{A. UPGMA based progressive multiple alignment using GCG PILEUP.}

{1. Find a suitable family of sequences.}

{2. Align your sequences using PILEUP.}

{3. Repeat using different gap penalties.}

{4. Generate UPGMA and neighbor joining trees from your alignment}

{B. Neighbor joining based progressive alignment with CLUSTALW.}

{1. Find out about the CLUSTAL W program.}

{2. Align your sequences using CLUSTAL W, using both default parameters and the "&Toggle Slow/Fast pairwise alignments " option. Report these trees in your notebook and compare them with the ones generated in A4 above. }

{3. Examine the alignment and manually correct poorly aligned regions, remove very large gaps, etc. What changes did you make to your alignment and why?}

{5. Write out your final tree in Phylip (.ph) and GCG (.msf)(alignment) formats for use in the next two sections of this exercise.}

{C. Parsimony trees using the GCG version of PAUP.}

{1. Read the CLUSTAL alignment into the GCG PAUPSEARCH program. Construct a tree using the "Exhaustive tree search" and "Parsimony" options.

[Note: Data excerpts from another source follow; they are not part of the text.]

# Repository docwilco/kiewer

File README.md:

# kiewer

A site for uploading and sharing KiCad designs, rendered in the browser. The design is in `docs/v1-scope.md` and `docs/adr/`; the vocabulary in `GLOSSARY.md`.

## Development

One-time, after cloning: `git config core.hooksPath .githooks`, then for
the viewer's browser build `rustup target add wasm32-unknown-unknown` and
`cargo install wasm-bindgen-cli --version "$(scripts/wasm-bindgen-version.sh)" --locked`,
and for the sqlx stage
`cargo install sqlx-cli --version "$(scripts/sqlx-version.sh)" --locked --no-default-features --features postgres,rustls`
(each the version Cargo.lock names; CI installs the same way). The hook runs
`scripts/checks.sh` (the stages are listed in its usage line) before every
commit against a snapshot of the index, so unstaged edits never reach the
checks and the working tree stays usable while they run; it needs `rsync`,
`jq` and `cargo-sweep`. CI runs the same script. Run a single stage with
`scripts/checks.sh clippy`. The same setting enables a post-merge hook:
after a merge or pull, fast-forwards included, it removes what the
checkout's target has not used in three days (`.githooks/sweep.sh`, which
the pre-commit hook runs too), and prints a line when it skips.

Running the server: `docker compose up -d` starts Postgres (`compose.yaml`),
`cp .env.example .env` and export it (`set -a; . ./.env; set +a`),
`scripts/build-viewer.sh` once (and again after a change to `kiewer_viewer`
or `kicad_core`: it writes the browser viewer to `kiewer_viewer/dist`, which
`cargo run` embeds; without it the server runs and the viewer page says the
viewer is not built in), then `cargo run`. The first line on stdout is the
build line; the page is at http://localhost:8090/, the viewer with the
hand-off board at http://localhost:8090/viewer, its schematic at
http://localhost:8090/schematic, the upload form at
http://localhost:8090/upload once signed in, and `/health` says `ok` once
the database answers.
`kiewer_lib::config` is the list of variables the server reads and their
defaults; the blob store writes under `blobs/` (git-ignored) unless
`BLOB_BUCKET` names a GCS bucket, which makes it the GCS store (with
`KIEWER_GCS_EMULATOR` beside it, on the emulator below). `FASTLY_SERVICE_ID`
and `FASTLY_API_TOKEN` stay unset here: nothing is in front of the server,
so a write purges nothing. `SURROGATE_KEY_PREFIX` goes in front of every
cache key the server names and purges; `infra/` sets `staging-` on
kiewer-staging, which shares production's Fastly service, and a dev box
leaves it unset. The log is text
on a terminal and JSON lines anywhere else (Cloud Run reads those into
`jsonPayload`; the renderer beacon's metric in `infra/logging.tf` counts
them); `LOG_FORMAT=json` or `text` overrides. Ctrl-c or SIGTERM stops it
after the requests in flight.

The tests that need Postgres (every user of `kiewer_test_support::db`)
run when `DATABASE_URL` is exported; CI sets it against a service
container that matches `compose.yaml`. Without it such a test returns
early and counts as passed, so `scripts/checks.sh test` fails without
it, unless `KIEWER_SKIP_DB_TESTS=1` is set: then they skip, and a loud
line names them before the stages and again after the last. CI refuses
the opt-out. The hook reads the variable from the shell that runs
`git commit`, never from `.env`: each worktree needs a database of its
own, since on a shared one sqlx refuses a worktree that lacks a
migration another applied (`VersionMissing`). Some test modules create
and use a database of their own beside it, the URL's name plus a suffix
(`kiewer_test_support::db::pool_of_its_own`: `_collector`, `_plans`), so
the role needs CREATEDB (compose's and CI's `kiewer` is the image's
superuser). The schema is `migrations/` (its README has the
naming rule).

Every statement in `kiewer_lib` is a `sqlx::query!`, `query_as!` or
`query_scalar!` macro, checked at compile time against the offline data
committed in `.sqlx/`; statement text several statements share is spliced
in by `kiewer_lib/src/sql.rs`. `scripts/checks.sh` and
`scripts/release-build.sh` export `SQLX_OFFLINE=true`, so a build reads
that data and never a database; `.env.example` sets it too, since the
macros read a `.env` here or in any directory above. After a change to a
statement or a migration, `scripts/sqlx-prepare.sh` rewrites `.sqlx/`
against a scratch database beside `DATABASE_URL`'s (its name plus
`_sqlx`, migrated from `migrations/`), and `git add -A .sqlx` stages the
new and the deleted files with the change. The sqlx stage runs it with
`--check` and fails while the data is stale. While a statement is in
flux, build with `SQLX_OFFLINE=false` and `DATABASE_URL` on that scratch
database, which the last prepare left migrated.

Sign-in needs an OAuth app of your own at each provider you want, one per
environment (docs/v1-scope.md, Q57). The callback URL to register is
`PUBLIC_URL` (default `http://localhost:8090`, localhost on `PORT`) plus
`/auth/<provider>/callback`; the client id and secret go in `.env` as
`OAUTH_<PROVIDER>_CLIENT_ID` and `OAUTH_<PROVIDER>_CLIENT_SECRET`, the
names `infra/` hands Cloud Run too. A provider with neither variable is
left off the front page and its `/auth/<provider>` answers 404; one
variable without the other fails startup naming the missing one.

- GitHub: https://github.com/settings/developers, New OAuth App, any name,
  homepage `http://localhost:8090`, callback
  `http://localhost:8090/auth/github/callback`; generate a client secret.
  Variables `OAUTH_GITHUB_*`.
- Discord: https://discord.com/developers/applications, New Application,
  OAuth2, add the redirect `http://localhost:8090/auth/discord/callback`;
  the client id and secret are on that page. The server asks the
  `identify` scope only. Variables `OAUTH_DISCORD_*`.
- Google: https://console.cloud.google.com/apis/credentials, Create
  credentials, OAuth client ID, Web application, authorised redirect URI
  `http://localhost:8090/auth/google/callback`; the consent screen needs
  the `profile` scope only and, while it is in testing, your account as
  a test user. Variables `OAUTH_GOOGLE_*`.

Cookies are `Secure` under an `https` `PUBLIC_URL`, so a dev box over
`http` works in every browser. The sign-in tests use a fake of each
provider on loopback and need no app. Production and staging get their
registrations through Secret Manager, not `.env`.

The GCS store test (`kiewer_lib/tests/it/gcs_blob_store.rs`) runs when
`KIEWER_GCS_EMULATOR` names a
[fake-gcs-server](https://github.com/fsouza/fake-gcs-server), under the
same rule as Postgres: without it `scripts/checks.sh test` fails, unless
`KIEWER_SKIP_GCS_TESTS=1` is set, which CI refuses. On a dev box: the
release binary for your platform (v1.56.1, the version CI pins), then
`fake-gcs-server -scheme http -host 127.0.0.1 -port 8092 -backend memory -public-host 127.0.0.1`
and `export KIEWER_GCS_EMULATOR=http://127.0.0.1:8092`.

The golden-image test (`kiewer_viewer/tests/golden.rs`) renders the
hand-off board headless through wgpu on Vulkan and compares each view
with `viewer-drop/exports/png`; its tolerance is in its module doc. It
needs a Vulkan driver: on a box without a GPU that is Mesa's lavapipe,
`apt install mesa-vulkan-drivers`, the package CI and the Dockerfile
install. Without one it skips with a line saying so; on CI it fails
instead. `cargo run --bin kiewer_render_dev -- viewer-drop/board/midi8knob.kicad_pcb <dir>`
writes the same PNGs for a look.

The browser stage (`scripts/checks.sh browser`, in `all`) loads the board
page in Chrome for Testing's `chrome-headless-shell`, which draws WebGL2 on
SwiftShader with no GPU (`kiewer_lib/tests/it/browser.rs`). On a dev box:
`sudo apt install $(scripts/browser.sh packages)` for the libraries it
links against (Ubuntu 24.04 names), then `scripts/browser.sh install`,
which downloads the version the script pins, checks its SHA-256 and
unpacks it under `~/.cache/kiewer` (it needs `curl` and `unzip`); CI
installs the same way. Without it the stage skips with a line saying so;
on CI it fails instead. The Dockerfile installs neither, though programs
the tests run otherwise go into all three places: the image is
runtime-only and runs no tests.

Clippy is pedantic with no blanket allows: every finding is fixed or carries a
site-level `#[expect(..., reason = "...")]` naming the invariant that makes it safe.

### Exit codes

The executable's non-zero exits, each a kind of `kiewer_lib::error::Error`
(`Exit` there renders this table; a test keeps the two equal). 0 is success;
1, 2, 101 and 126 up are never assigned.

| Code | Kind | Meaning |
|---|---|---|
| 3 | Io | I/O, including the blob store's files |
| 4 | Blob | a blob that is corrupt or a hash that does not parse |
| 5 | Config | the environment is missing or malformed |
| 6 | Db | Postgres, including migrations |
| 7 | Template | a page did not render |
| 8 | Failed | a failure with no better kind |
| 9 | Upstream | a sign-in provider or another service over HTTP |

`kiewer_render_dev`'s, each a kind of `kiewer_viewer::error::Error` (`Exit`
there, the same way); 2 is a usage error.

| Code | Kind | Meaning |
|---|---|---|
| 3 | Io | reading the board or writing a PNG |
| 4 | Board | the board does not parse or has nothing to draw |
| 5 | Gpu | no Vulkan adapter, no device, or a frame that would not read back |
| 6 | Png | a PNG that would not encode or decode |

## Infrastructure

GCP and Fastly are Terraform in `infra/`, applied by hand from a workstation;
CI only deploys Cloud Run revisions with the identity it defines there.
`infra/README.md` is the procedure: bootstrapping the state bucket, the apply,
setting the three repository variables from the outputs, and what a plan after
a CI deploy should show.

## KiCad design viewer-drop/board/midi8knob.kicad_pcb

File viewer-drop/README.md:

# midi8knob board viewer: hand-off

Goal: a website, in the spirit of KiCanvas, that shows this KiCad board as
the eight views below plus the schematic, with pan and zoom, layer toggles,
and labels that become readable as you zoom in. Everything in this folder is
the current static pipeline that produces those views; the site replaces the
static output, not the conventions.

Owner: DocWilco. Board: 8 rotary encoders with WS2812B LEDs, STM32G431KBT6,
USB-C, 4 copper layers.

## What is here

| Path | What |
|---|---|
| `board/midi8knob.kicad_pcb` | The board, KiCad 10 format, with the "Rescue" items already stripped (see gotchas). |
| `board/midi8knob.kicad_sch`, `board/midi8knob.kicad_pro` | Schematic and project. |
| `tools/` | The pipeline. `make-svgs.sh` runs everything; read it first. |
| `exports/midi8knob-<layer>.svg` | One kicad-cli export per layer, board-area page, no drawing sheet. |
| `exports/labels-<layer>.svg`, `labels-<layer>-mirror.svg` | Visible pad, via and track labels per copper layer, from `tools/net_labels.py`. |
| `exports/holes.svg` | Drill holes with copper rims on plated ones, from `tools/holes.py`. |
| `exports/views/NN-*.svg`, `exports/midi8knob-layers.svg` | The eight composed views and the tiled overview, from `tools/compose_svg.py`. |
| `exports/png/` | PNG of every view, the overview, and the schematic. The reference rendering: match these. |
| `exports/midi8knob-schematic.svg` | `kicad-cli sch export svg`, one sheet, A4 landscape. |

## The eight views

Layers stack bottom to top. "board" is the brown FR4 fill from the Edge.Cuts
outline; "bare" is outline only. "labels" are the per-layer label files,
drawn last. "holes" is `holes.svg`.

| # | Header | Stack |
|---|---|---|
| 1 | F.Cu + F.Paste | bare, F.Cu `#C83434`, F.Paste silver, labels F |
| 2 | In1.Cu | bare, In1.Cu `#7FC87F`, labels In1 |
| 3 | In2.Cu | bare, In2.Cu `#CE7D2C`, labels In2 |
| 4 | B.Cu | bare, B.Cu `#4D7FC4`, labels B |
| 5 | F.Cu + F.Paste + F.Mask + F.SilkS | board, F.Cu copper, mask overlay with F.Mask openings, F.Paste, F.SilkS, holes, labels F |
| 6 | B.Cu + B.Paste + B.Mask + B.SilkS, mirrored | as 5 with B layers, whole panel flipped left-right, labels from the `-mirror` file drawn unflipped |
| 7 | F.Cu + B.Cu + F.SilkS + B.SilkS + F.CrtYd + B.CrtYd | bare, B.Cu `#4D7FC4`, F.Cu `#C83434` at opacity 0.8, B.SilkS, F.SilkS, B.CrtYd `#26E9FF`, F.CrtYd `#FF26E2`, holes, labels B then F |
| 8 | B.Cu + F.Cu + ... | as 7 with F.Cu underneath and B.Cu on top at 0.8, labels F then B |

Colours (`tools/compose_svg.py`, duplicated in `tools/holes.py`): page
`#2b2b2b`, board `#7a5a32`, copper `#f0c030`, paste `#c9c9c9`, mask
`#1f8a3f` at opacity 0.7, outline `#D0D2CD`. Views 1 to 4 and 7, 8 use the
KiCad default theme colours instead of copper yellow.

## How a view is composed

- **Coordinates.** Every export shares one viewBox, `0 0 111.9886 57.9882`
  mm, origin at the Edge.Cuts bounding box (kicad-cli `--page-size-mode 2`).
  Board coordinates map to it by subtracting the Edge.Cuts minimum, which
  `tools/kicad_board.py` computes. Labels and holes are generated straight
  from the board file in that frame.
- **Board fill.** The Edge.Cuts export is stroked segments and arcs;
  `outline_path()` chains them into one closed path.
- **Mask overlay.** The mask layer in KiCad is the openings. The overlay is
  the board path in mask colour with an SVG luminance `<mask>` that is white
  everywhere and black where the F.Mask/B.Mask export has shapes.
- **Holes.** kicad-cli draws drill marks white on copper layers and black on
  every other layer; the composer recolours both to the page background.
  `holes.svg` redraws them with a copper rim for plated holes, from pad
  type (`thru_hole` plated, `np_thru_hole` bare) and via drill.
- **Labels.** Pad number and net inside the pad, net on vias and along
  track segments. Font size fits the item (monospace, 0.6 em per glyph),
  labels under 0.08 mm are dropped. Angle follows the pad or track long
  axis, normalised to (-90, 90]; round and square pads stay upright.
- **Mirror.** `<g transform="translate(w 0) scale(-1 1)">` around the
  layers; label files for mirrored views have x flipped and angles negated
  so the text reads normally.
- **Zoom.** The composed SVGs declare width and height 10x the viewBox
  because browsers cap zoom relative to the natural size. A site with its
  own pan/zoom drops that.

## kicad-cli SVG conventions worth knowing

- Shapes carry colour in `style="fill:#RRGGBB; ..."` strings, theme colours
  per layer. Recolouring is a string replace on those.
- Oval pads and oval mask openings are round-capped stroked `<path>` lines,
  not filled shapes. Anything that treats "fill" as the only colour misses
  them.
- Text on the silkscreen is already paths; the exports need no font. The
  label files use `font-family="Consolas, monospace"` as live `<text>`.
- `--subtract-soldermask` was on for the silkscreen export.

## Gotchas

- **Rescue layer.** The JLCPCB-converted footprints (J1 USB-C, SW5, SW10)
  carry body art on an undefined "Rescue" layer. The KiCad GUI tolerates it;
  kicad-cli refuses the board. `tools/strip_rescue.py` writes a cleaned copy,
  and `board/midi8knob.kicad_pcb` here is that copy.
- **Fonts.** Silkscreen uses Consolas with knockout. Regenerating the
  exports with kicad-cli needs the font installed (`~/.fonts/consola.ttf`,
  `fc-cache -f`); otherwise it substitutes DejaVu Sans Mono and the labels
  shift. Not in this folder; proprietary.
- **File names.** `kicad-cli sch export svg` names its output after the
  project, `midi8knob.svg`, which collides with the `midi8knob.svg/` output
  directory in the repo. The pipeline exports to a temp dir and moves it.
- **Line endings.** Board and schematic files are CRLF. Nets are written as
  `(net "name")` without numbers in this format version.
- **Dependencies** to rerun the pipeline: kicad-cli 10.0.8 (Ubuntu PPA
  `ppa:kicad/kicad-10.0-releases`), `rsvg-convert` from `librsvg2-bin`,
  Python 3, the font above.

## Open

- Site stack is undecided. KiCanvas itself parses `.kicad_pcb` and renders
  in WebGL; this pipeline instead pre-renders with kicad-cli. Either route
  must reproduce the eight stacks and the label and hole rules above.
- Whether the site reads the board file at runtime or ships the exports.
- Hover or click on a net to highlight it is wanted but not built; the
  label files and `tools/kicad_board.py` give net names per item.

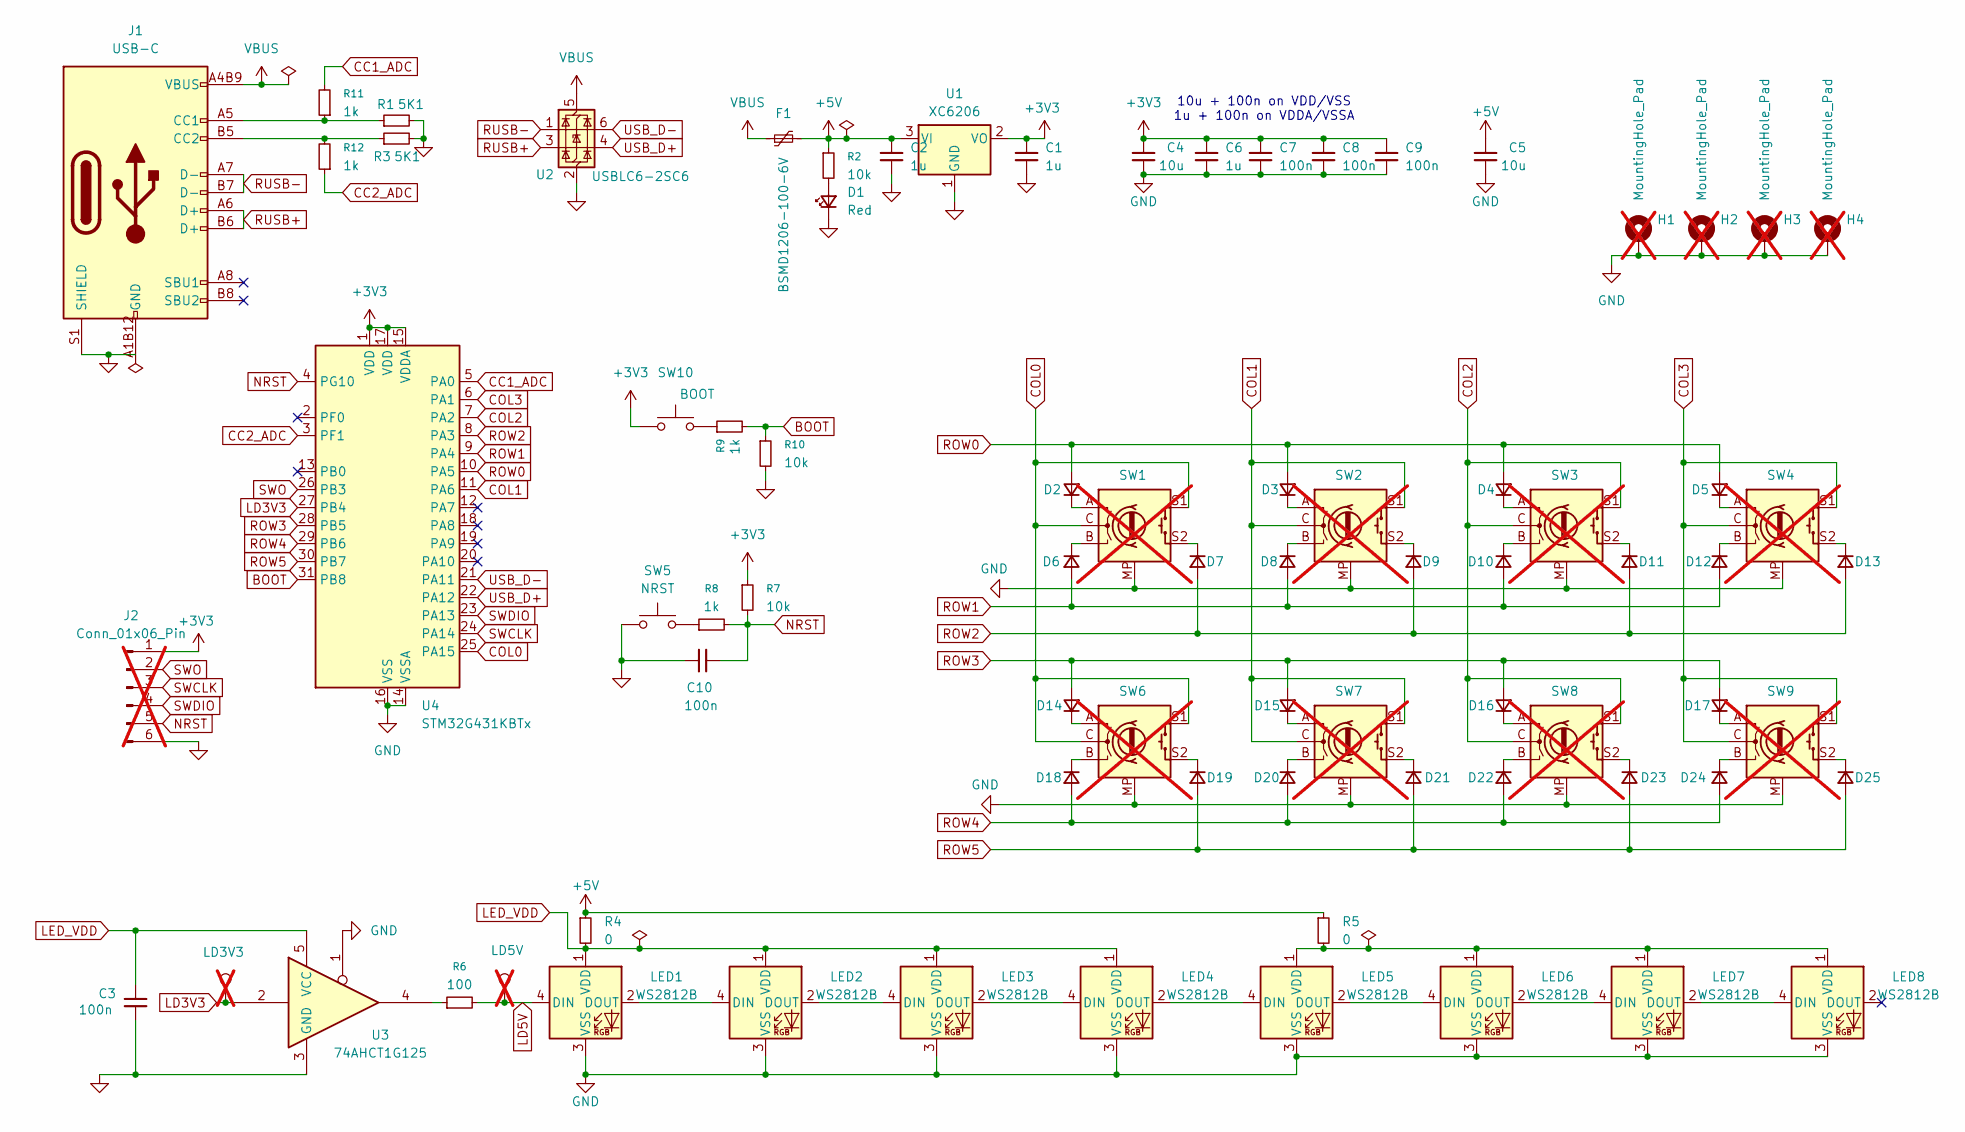
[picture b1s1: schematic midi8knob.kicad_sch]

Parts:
C1, C2, C6: 1u; C_0402_1005Metric; LCSC C52923
C3, C7, C8, C9, C10: 100n; C_0402_1005Metric; LCSC C1525
C4, C5: 10u; C_0603_1608Metric; LCSC C19702
D1: Red; LED_0603_1608Metric; LCSC C2286
D2, D3, D4, D5, D6, D7, D8, D9, D10, D11, D12, D13, D14, D15, D16, D17, D18, D19, D20, D21, D22, D23, D24, D25: D_Small; D_SOD-323; LCSC C437156
F1: BSMD1206-100-6V; Fuse_1206_3216Metric; LCSC C883129
H1, H2, H3, H4: MountingHole_Pad; MountingHole_3.2mm_M3_Pad_Via; not fitted
J1: USB-C; USB-C_SMD-TYPE-C-31-M-12_1; LCSC C165948
J2: Conn_01x06_Pin; PinHeader_1x06_P2.54mm_Vertical; not fitted
LED1, LED2, LED3, LED4, LED5, LED6, LED7, LED8: WS2812B; LED_WS2812B_PLCC4_5.0x5.0mm_P3.2mm; LCSC C52941391
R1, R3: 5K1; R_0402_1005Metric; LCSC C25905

Make a plot of this tree using the PAUPDSPLAY program. }

{2. Construct a tree using the "Heuristic tree search" and "Parsimony" options. How does this tree compare to the tree in C1?}

{3. Perform a bootstrap analysis of the parsimony tree using the "Bootstrap analysis using branch-and-bound search" and "Parsimony" options. Based on the partition analysis, what are the most likely alternatives to your tree? }

{4. Perform a bootstrap analysis using the "Bootstrap analysis using neighbor-joining distance" option and compare this to the CLUSTALW analysis.}

{D. Parsimony and maximum likelihood trees using Phylip.}

{1. Familiarize yourself with the Phylip PROTPARS program by reading the document in /software/nonrdist/phylip-3.6/doc/protpars.html. Run PROTPARS (/home/solaris/nsci/bi141s/protpars) and compare the tree to those of PAUPSEARCH. }

{2. Familiarize yourself with the Phylip PROML program by reading the document in /software/nonrdist/phylip-3.6/doc/proml.html. Run PROML (/home/solaris/nsci/bi141s/proml) and compare to the other trees you have constructed.}

{E. Questions.}

  1. Explain what is meant by progressive alignment.
  2. Why are progressive alignments the only practical multiple alignment techniques?
  3. Explain the basic steps used by PILEUP in making a progressive alignment.
  4. What type of tree is used as a guide tree by PILEUP?
  5. What are the main enhancements in CLUSTAL with respect to PILEUP?
  6. What are the two most serious drawbacks common to all progressive alignments?
  7. Describe two ways one can evaluate the correctness of a phylogenetic tree based on sequence data?
  8. What is an outgroup? Suggest a species that would be an appropriate outgroup for a tree linking humans, cows, raccoons, dogs, and elephants.
  9. What is an outgroup used for in phylogenetic analysis?
  10. What is meant by "once a gap, always a gap"?
  11. What are the main differences between the Fitch-Margoliash method, the neighbor joining method, and the UPGMA method?
  12. Bootstrapping is a resmapling method. What is it that is resampled and how is this done?
  13. Why does one need to "correct" distance used in making trees?
  14. Describe two problems with parsimony approaches to constructing trees.
  15. How does the "Occams razor" principle relate to parsimony trees.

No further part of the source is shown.